> Activity
Start with the first line of the material. Repeat each line exactly through the one that contains "import ezdxf".

> Data records
──────────────────────────────

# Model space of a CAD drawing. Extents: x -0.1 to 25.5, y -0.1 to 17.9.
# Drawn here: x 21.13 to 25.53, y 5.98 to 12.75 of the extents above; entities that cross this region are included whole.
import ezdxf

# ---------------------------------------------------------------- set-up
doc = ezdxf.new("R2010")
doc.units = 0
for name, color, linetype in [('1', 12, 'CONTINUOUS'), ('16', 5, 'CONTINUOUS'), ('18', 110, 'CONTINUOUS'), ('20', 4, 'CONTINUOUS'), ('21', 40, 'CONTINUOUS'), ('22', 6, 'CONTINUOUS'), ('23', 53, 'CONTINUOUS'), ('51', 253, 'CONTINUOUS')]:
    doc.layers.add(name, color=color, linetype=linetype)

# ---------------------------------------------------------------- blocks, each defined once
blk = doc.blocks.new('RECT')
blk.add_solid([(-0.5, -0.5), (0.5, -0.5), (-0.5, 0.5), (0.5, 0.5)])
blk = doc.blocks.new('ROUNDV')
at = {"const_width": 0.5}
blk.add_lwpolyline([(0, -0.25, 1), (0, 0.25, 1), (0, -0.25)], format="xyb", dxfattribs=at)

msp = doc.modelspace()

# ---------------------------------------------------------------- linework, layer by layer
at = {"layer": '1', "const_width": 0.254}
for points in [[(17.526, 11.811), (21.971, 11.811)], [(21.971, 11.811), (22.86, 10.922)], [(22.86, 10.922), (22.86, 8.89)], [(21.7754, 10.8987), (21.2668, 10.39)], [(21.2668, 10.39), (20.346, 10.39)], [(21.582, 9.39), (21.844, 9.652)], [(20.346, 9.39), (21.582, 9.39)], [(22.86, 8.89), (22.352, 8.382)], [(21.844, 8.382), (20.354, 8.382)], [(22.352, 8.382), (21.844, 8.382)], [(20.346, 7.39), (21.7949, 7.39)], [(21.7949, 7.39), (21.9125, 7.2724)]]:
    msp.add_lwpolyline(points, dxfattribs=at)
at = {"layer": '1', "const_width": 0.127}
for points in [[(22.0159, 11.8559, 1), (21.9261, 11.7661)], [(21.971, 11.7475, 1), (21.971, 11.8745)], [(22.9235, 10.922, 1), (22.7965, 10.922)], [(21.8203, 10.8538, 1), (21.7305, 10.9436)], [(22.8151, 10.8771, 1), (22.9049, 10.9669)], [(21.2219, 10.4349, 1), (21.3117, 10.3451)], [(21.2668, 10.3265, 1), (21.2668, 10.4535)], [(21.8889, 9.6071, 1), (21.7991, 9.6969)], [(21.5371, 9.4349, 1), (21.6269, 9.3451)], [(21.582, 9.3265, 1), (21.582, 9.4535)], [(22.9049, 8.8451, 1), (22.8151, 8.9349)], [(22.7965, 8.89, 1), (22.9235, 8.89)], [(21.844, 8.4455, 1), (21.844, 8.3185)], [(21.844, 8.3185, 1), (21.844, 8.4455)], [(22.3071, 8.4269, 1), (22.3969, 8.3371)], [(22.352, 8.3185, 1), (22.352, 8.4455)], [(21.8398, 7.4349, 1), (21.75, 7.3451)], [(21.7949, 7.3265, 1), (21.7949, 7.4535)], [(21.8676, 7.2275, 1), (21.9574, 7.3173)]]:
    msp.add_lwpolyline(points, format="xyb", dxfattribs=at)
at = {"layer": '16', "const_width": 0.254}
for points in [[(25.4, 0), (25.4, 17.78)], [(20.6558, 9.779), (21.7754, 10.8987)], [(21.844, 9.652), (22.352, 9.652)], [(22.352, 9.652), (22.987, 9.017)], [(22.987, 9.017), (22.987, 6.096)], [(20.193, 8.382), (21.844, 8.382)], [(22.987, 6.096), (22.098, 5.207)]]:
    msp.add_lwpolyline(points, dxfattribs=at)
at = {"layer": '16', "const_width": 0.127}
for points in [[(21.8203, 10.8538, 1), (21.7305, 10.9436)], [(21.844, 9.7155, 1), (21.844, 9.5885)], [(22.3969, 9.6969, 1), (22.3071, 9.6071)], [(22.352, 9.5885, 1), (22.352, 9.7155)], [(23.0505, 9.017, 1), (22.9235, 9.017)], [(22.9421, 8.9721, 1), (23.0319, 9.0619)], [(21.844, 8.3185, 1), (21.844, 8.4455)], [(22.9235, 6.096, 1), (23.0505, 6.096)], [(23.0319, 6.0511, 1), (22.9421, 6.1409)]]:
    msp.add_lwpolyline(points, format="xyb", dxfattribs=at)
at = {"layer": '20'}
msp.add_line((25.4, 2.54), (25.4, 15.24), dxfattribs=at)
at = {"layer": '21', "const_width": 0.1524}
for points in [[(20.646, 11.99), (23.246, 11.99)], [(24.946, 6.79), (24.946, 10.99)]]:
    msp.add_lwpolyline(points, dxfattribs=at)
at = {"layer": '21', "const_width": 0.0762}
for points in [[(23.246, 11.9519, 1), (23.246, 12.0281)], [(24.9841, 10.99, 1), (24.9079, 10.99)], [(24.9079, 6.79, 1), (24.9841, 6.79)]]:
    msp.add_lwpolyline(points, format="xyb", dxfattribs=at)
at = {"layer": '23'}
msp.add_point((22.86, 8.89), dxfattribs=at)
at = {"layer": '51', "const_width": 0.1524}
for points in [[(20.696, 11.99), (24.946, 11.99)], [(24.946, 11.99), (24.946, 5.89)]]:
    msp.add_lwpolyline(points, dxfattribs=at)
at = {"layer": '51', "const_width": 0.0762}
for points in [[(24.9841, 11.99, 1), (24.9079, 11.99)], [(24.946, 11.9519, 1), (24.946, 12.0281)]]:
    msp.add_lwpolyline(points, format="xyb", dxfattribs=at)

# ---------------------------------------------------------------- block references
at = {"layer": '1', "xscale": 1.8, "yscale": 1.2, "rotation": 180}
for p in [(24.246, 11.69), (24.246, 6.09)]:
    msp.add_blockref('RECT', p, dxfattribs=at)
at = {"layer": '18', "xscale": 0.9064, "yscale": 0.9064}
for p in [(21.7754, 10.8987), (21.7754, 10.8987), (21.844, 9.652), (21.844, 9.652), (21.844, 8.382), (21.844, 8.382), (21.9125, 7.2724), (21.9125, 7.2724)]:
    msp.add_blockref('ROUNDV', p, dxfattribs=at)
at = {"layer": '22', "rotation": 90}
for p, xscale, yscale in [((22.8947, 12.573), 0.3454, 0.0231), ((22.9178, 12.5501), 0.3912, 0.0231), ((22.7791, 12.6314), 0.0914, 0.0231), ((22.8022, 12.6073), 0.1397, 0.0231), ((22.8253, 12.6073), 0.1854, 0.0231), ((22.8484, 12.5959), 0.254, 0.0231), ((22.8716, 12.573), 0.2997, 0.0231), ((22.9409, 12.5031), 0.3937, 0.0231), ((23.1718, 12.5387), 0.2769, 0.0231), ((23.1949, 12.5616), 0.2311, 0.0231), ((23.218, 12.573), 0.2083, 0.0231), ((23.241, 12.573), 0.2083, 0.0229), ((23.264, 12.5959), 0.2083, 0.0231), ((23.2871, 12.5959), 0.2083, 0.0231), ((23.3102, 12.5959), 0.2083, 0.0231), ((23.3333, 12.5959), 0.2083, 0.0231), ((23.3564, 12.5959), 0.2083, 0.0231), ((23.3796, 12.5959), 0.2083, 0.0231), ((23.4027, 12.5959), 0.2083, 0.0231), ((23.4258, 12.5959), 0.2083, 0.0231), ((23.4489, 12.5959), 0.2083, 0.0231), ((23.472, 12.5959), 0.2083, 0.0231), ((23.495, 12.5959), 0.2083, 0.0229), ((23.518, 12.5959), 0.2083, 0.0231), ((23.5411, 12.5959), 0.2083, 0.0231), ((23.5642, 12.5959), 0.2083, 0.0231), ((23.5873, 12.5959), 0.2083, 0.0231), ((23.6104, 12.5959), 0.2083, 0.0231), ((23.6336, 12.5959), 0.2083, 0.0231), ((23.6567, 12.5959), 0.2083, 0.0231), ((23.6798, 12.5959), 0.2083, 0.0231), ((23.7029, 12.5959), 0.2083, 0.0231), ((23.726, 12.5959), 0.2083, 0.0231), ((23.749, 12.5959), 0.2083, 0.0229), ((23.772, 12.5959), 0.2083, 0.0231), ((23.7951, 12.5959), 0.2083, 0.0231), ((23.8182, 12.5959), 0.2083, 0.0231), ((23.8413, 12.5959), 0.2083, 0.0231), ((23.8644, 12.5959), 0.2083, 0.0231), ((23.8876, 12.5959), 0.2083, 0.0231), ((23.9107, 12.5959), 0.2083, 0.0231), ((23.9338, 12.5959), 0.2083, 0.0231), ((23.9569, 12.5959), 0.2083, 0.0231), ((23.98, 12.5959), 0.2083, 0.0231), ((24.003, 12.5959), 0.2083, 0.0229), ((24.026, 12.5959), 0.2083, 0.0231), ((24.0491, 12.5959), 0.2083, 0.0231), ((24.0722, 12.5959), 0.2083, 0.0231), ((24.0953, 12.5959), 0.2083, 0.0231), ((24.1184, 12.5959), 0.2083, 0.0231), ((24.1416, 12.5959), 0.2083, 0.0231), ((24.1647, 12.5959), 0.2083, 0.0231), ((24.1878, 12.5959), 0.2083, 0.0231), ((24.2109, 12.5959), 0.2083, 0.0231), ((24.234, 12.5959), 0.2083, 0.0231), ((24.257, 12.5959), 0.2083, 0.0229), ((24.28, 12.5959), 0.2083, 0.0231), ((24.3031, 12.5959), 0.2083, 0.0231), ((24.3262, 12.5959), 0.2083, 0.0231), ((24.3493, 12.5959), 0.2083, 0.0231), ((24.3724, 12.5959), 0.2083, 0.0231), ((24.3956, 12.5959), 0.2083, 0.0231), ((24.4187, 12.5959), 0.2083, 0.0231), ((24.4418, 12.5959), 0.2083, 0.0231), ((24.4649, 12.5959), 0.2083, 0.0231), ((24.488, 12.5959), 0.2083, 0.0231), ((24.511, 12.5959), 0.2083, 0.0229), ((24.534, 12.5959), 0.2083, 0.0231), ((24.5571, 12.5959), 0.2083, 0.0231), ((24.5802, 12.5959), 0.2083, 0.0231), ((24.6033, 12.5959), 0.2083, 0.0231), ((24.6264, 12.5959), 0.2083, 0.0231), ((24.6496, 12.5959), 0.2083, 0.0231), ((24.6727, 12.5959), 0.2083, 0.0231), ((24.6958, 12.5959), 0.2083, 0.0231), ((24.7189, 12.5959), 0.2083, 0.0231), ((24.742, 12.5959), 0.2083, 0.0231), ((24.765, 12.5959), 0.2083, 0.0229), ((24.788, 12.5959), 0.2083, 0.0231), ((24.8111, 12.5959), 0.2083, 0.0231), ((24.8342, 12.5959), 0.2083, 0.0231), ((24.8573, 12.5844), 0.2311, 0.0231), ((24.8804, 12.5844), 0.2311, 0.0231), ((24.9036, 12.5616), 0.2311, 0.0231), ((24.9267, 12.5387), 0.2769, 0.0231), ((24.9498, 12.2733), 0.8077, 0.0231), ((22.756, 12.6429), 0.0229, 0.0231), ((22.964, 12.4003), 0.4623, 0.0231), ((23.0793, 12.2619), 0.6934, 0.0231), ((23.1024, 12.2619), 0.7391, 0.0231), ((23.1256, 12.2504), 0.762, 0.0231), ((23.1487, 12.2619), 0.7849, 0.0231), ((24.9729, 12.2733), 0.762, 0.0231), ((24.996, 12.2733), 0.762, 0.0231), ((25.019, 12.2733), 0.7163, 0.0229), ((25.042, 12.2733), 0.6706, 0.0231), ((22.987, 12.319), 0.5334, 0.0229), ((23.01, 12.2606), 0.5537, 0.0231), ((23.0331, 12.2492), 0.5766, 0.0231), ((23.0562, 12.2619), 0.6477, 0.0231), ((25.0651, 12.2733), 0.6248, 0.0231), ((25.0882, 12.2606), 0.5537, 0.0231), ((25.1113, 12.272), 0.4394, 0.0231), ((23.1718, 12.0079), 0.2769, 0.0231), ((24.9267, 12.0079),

──────────────────────────────

> Answer
# Model space of a CAD drawing. Extents: x -0.1 to 25.5, y -0.1 to 17.9.
# Drawn here: x 21.13 to 25.53, y 5.98 to 12.75 of the extents above; entities that cross this region are included whole.
import ezdxf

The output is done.